*** Opening THE DATA ***

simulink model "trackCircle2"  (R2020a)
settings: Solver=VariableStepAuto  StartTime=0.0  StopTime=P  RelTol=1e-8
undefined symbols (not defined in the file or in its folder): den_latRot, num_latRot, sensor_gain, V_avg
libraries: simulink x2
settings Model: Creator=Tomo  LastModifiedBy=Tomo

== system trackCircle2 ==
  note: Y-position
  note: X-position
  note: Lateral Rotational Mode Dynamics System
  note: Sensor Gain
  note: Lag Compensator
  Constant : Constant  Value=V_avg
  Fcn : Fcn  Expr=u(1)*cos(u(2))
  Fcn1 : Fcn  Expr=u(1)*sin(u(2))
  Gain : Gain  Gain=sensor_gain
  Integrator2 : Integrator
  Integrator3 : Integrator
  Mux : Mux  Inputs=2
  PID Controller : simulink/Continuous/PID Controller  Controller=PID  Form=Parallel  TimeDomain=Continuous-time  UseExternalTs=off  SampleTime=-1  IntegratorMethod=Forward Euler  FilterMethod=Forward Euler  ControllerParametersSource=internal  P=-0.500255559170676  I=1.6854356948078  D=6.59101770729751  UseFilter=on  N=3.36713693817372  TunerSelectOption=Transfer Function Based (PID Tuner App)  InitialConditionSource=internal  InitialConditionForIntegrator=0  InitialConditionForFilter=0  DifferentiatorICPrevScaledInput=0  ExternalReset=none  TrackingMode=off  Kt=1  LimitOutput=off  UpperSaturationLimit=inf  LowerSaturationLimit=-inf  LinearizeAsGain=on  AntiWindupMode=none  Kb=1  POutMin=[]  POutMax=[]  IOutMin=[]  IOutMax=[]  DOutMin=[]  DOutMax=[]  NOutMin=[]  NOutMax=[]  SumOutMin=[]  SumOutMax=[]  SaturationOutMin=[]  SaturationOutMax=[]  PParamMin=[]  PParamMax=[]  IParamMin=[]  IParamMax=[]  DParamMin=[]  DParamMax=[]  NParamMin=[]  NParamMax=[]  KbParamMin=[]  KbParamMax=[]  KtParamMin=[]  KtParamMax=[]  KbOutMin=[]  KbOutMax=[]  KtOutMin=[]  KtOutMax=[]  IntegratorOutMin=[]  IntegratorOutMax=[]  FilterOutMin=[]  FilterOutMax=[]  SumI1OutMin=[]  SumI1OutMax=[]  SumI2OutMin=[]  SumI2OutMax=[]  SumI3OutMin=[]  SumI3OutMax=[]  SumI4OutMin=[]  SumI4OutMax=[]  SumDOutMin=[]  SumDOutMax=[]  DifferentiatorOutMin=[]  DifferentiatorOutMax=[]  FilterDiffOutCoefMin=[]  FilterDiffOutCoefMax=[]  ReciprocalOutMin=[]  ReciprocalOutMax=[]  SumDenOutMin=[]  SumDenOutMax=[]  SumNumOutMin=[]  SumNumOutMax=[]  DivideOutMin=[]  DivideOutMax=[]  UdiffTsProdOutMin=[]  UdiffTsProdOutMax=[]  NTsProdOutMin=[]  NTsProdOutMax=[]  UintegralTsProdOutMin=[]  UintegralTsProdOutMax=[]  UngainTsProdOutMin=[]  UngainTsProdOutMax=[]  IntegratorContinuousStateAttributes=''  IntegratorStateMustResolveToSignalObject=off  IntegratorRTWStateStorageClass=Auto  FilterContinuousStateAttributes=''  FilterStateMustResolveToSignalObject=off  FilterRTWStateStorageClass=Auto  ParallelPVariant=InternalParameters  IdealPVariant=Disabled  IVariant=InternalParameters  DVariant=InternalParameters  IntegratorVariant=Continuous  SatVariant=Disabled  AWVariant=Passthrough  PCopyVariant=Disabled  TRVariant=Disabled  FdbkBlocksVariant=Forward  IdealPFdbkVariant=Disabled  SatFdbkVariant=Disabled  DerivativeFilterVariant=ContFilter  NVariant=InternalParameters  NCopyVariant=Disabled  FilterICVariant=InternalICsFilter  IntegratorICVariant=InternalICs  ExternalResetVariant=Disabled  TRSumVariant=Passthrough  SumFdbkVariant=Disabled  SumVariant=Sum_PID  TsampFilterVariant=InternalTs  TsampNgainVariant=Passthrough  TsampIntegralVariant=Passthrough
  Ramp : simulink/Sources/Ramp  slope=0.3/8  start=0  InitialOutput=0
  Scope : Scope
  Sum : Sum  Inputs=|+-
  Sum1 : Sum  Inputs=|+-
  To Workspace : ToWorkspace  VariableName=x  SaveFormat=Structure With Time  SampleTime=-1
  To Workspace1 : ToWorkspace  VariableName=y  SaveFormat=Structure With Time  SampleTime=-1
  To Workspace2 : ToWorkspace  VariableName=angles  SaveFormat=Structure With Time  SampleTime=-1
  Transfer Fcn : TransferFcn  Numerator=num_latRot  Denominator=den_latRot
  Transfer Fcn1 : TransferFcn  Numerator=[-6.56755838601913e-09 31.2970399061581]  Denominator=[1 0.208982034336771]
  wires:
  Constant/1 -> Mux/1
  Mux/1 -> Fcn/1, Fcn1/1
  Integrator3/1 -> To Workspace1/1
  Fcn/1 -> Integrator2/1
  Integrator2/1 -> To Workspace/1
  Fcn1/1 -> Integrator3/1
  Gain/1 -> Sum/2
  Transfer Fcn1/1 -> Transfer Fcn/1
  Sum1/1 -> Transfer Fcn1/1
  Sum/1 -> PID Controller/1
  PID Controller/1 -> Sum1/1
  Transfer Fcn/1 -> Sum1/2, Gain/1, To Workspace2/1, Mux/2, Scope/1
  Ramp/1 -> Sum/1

*** Closing THE DATA ***

TASK BRIEF:
Transcribe the full listing exactly, leaving out no line.

TASK ANSWER:
simulink model "trackCircle2"  (R2020a)
settings: Solver=VariableStepAuto  StartTime=0.0  StopTime=P  RelTol=1e-8
undefined symbols (not defined in the file or in its folder): den_latRot, num_latRot, sensor_gain, V_avg
libraries: simulink x2
settings Model: Creator=Tomo  LastModifiedBy=Tomo

== system trackCircle2 ==
  note: Y-position
  note: X-position
  note: Lateral Rotational Mode Dynamics System
  note: Sensor Gain
  note: Lag Compensator
  Constant : Constant  Value=V_avg
  Fcn : Fcn  Expr=u(1)*cos(u(2))
  Fcn1 : Fcn  Expr=u(1)*sin(u(2))
  Gain : Gain  Gain=sensor_gain
  Integrator2 : Integrator
  Integrator3 : Integrator
  Mux : Mux  Inputs=2
  PID Controller : simulink/Continuous/PID Controller  Controller=PID  Form=Parallel  TimeDomain=Continuous-time  UseExternalTs=off  SampleTime=-1  IntegratorMethod=Forward Euler  FilterMethod=Forward Euler  ControllerParametersSource=internal  P=-0.500255559170676  I=1.6854356948078  D=6.59101770729751  UseFilter=on  N=3.36713693817372  TunerSelectOption=Transfer Function Based (PID Tuner App)  InitialConditionSource=internal  InitialConditionForIntegrator=0  InitialConditionForFilter=0  DifferentiatorICPrevScaledInput=0  ExternalReset=none  TrackingMode=off  Kt=1  LimitOutput=off  UpperSaturationLimit=inf  LowerSaturationLimit=-inf  LinearizeAsGain=on  AntiWindupMode=none  Kb=1  POutMin=[]  POutMax=[]  IOutMin=[]  IOutMax=[]  DOutMin=[]  DOutMax=[]  NOutMin=[]  NOutMax=[]  SumOutMin=[]  SumOutMax=[]  SaturationOutMin=[]  SaturationOutMax=[]  PParamMin=[]  PParamMax=[]  IParamMin=[]  IParamMax=[]  DParamMin=[]  DParamMax=[]  NParamMin=[]  NParamMax=[]  KbParamMin=[]  KbParamMax=[]  KtParamMin=[]  KtParamMax=[]  KbOutMin=[]  KbOutMax=[]  KtOutMin=[]  KtOutMax=[]  IntegratorOutMin=[]  IntegratorOutMax=[]  FilterOutMin=[]  FilterOutMax=[]  SumI1OutMin=[]  SumI1OutMax=[]  SumI2OutMin=[]  SumI2OutMax=[]  SumI3OutMin=[]  SumI3OutMax=[]  SumI4OutMin=[]  SumI4OutMax=[]  SumDOutMin=[]  SumDOutMax=[]  DifferentiatorOutMin=[]  DifferentiatorOutMax=[]  FilterDiffOutCoefMin=[]  FilterDiffOutCoefMax=[]  ReciprocalOutMin=[]  ReciprocalOutMax=[]  SumDenOutMin=[]  SumDenOutMax=[]  SumNumOutMin=[]  SumNumOutMax=[]  DivideOutMin=[]  DivideOutMax=[]  UdiffTsProdOutMin=[]  UdiffTsProdOutMax=[]  NTsProdOutMin=[]  NTsProdOutMax=[]  UintegralTsProdOutMin=[]  UintegralTsProdOutMax=[]  UngainTsProdOutMin=[]  UngainTsProdOutMax=[]  IntegratorContinuousStateAttributes=''  IntegratorStateMustResolveToSignalObject=off  IntegratorRTWStateStorageClass=Auto  FilterContinuousStateAttributes=''  FilterStateMustResolveToSignalObject=off  FilterRTWStateStorageClass=Auto  ParallelPVariant=InternalParameters  IdealPVariant=Disabled  IVariant=InternalParameters  DVariant=InternalParameters  IntegratorVariant=Continuous  SatVariant=Disabled  AWVariant=Passthrough  PCopyVariant=Disabled  TRVariant=Disabled  FdbkBlocksVariant=Forward  IdealPFdbkVariant=Disabled  SatFdbkVariant=Disabled  DerivativeFilterVariant=ContFilter  NVariant=InternalParameters  NCopyVariant=Disabled  FilterICVariant=InternalICsFilter  IntegratorICVariant=InternalICs  ExternalResetVariant=Disabled  TRSumVariant=Passthrough  SumFdbkVariant=Disabled  SumVariant=Sum_PID  TsampFilterVariant=InternalTs  TsampNgainVariant=Passthrough  TsampIntegralVariant=Passthrough
  Ramp : simulink/Sources/Ramp  slope=0.3/8  start=0  InitialOutput=0
  Scope : Scope
  Sum : Sum  Inputs=|+-
  Sum1 : Sum  Inputs=|+-
  To Workspace : ToWorkspace  VariableName=x  SaveFormat=Structure With Time  SampleTime=-1
  To Workspace1 : ToWorkspace  VariableName=y  SaveFormat=Structure With Time  SampleTime=-1
  To Workspace2 : ToWorkspace  VariableName=angles  SaveFormat=Structure With Time  SampleTime=-1
  Transfer Fcn : TransferFcn  Numerator=num_latRot  Denominator=den_latRot
  Transfer Fcn1 : TransferFcn  Numerator=[-6.56755838601913e-09 31.2970399061581]  Denominator=[1 0.208982034336771]
  wires:
  Constant/1 -> Mux/1
  Mux/1 -> Fcn/1, Fcn1/1
  Integrator3/1 -> To Workspace1/1
  Fcn/1 -> Integrator2/1
  Integrator2/1 -> To Workspace/1
  Fcn1/1 -> Integrator3/1
  Gain/1 -> Sum/2
  Transfer Fcn1/1 -> Transfer Fcn/1
  Sum1/1 -> Transfer Fcn1/1
  Sum/1 -> PID Controller/1
  PID Controller/1 -> Sum1/1
  Transfer Fcn/1 -> Sum1/2, Gain/1, To Workspace2/1, Mux/2, Scope/1
  Ramp/1 -> Sum/1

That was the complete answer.